* _Exercise instructions_
Copy every line of the records below that holds the word "lead".

[Data extracted from a collection]

────────

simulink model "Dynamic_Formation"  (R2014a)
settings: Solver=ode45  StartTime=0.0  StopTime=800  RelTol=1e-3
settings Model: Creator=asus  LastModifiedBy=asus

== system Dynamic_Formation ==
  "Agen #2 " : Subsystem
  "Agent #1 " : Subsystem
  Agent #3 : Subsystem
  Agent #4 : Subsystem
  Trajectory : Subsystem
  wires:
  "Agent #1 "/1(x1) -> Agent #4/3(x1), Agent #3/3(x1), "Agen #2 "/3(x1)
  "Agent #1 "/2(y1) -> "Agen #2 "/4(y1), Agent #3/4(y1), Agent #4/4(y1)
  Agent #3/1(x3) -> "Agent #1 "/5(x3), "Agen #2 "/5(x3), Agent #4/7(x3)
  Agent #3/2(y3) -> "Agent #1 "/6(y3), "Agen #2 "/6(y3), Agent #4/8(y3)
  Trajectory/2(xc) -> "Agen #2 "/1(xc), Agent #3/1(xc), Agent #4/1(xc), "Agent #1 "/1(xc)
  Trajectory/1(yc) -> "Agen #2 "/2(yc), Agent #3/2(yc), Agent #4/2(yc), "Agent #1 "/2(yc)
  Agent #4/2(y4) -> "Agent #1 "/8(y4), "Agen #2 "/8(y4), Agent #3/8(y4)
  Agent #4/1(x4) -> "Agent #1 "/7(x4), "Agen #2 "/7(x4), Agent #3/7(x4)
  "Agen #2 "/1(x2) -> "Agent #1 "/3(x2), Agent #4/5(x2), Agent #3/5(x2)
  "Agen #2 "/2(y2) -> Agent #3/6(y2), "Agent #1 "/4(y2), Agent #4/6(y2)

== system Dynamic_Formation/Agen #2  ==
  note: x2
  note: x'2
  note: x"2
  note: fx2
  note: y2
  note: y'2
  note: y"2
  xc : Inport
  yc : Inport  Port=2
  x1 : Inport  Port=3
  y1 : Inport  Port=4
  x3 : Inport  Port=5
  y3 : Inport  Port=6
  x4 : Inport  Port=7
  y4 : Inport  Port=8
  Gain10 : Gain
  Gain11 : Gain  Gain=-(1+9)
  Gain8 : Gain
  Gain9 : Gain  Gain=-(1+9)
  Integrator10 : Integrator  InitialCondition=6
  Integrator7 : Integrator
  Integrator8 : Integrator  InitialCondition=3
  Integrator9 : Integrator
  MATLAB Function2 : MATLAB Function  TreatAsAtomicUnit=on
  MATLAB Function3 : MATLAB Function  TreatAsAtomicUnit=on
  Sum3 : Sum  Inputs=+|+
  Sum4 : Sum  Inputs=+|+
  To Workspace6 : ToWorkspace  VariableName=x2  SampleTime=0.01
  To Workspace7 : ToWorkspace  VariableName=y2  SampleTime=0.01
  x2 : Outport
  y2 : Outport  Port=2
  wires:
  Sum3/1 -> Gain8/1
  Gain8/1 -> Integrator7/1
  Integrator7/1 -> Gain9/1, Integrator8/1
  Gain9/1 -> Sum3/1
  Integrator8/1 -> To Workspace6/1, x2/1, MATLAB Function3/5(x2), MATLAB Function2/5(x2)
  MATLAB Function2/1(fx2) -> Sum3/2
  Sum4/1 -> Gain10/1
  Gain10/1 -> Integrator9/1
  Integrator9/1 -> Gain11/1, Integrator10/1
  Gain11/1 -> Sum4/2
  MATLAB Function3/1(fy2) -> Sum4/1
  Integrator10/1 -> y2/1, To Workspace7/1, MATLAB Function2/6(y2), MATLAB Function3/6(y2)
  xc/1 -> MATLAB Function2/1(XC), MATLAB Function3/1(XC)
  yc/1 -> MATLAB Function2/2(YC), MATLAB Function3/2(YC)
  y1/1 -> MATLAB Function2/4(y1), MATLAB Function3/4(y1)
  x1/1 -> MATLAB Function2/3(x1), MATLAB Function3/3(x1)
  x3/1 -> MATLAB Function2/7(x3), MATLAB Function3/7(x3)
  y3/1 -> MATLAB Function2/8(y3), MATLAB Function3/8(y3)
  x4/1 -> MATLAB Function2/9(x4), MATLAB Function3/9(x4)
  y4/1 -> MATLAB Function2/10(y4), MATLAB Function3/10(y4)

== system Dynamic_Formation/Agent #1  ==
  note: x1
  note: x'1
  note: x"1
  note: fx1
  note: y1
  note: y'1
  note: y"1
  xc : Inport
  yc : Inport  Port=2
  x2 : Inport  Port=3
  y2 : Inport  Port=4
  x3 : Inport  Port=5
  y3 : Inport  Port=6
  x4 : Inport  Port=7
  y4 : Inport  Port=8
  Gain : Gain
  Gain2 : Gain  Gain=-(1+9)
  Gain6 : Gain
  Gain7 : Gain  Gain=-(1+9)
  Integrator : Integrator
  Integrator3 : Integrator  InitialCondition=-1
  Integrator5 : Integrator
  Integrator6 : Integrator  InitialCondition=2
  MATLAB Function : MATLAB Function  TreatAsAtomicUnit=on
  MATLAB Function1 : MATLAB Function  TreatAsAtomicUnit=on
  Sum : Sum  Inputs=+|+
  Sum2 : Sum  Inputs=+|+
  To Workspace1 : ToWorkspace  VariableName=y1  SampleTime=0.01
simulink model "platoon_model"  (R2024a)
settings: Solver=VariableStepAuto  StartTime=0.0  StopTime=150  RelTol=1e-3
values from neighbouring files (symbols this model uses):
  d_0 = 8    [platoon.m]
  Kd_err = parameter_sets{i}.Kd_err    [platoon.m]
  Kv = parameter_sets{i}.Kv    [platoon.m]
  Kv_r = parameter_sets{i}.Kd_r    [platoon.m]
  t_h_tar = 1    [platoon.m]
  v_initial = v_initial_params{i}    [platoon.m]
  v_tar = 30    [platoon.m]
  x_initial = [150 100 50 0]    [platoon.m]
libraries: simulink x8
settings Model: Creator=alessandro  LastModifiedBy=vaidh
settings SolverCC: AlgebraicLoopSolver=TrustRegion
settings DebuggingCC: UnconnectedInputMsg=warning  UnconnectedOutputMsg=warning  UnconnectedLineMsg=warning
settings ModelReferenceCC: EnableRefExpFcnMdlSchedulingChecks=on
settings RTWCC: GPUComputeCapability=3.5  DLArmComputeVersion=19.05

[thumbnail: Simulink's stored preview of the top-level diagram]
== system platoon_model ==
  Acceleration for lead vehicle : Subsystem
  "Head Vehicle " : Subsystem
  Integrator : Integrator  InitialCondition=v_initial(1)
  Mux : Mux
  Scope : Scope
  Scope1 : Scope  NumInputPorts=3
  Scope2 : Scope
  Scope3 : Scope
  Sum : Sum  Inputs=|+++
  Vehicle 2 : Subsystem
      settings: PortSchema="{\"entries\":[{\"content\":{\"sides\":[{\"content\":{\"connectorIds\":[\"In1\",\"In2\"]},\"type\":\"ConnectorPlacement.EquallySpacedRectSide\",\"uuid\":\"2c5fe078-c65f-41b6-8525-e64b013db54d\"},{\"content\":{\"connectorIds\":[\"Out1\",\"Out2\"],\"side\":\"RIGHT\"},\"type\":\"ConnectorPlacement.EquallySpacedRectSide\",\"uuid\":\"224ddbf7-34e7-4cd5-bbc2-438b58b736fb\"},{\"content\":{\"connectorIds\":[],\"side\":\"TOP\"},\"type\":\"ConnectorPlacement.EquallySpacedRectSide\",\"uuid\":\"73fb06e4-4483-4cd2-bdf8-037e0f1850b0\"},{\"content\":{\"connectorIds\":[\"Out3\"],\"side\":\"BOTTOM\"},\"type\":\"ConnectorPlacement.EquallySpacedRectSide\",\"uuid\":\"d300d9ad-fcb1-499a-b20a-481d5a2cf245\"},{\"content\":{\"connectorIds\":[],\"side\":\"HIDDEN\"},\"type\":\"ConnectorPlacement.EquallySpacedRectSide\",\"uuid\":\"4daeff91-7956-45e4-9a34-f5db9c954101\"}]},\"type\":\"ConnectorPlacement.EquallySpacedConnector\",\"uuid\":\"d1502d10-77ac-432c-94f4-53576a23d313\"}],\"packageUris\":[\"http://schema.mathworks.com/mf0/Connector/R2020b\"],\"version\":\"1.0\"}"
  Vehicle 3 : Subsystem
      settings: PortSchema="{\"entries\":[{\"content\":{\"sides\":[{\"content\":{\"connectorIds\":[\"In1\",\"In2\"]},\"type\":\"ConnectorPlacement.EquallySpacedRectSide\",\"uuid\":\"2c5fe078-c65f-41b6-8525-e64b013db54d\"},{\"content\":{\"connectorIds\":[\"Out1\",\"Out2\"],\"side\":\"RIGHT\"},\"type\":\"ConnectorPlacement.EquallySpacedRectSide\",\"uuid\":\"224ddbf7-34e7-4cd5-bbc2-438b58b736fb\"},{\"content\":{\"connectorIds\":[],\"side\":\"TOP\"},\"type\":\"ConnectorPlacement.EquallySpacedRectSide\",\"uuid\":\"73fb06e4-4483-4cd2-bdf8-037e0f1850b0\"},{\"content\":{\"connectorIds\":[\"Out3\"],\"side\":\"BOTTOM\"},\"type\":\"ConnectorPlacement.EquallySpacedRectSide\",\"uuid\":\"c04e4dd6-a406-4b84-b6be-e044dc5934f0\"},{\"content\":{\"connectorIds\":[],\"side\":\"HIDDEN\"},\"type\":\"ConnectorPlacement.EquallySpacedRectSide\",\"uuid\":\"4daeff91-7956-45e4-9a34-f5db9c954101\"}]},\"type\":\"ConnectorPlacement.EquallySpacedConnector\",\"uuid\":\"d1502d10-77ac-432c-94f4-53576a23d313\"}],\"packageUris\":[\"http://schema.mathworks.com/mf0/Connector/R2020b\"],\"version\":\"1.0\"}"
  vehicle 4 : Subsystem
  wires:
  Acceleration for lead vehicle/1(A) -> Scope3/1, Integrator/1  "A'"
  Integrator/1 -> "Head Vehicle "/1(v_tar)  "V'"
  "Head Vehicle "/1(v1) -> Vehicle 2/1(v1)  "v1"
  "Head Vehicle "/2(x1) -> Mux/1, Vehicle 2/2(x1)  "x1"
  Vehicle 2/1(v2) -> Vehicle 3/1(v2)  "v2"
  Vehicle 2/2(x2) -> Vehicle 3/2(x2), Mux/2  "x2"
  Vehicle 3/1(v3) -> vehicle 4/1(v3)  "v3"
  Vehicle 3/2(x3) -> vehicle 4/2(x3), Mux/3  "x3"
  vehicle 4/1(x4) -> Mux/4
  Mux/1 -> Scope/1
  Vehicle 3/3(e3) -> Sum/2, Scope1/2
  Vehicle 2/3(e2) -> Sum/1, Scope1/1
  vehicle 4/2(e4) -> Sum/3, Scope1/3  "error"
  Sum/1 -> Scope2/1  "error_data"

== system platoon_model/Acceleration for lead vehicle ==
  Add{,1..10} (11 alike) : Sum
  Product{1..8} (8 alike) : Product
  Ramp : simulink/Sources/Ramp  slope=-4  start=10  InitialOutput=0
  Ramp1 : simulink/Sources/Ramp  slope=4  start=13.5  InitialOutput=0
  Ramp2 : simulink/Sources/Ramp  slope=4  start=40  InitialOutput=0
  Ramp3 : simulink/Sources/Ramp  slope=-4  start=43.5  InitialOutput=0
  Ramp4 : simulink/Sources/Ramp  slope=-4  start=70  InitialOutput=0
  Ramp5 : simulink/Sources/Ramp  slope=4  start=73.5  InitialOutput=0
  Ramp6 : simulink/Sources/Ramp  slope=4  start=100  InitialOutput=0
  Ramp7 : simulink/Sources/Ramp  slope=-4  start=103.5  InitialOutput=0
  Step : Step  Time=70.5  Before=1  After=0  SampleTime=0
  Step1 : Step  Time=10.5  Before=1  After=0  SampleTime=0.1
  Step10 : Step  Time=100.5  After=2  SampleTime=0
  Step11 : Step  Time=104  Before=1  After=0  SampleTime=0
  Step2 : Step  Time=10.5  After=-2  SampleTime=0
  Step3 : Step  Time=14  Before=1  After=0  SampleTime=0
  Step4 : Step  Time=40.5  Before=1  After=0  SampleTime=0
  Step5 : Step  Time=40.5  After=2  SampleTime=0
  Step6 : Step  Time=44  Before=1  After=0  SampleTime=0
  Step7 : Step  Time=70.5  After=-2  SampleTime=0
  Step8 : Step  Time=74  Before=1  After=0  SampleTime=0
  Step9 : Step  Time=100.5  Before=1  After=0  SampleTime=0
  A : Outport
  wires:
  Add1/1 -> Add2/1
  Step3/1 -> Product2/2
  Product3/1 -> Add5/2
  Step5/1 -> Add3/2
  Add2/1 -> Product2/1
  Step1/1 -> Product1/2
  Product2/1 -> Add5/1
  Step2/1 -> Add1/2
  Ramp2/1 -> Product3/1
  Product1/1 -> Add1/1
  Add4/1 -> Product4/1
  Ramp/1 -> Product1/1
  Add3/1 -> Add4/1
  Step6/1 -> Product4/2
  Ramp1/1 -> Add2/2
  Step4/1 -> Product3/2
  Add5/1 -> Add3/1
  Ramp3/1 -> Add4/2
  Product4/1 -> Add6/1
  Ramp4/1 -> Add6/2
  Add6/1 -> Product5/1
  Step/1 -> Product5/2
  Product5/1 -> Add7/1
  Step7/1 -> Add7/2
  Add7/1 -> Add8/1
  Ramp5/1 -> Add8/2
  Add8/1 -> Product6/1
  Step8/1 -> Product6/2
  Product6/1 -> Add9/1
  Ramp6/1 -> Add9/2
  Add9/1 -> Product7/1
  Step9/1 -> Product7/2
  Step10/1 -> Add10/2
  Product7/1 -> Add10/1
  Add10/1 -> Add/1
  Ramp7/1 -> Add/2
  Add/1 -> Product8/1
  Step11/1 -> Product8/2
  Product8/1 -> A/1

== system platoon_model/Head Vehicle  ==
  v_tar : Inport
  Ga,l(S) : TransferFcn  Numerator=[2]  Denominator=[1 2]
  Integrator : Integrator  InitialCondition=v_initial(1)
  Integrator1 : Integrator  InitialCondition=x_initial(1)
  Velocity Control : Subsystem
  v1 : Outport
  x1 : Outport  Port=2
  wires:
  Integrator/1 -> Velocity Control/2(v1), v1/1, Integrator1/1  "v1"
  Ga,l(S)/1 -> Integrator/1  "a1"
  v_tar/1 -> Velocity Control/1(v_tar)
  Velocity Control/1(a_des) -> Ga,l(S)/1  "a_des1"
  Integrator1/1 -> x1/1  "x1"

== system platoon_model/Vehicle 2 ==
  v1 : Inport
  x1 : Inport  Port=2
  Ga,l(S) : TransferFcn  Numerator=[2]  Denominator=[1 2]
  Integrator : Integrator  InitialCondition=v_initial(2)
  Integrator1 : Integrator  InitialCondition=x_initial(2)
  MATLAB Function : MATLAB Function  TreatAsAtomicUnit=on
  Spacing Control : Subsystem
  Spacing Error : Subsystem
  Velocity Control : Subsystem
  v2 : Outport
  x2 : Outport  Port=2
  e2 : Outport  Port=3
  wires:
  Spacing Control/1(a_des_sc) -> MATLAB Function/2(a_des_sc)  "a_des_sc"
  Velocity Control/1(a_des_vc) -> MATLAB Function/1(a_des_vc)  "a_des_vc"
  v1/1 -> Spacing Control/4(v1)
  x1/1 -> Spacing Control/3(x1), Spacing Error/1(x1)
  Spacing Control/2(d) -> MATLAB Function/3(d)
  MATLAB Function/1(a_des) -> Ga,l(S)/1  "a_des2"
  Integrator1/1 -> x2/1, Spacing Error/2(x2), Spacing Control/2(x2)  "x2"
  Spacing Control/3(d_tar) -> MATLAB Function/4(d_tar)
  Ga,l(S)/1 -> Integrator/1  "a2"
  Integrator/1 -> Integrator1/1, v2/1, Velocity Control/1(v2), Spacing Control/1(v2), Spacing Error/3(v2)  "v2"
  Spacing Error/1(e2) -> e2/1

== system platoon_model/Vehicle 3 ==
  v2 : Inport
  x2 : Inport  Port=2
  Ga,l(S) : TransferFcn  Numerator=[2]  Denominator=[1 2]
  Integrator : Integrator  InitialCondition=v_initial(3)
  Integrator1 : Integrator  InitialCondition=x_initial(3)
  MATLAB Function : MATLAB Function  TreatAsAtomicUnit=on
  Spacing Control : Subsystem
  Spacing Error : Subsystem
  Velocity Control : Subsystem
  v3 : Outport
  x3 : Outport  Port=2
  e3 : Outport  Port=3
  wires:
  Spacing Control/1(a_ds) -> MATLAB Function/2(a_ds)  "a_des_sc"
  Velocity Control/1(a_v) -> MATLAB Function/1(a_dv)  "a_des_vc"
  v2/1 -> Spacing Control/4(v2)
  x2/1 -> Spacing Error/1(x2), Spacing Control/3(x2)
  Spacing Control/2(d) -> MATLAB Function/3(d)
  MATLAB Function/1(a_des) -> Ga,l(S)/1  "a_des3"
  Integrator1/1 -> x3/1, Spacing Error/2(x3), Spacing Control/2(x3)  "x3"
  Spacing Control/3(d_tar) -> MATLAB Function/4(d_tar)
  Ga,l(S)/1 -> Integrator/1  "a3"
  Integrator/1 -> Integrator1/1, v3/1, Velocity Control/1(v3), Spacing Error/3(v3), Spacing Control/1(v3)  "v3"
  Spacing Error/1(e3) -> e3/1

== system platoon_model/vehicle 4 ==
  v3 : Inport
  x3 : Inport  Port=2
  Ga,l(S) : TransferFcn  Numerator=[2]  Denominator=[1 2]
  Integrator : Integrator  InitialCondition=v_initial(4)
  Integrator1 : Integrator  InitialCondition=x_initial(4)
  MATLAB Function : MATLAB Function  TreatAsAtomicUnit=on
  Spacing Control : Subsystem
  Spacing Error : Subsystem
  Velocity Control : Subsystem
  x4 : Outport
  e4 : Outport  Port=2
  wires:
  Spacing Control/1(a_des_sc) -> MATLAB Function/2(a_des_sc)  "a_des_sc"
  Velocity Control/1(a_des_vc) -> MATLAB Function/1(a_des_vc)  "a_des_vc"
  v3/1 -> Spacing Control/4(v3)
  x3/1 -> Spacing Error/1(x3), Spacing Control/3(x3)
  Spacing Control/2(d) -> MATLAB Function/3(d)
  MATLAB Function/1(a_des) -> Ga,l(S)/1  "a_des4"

────────

* _Solved problem_
  Acceleration for lead vehicle : Subsystem
  Acceleration for lead vehicle/1(A) -> Scope3/1, Integrator/1  "A'"
== system platoon_model/Acceleration for lead vehicle ==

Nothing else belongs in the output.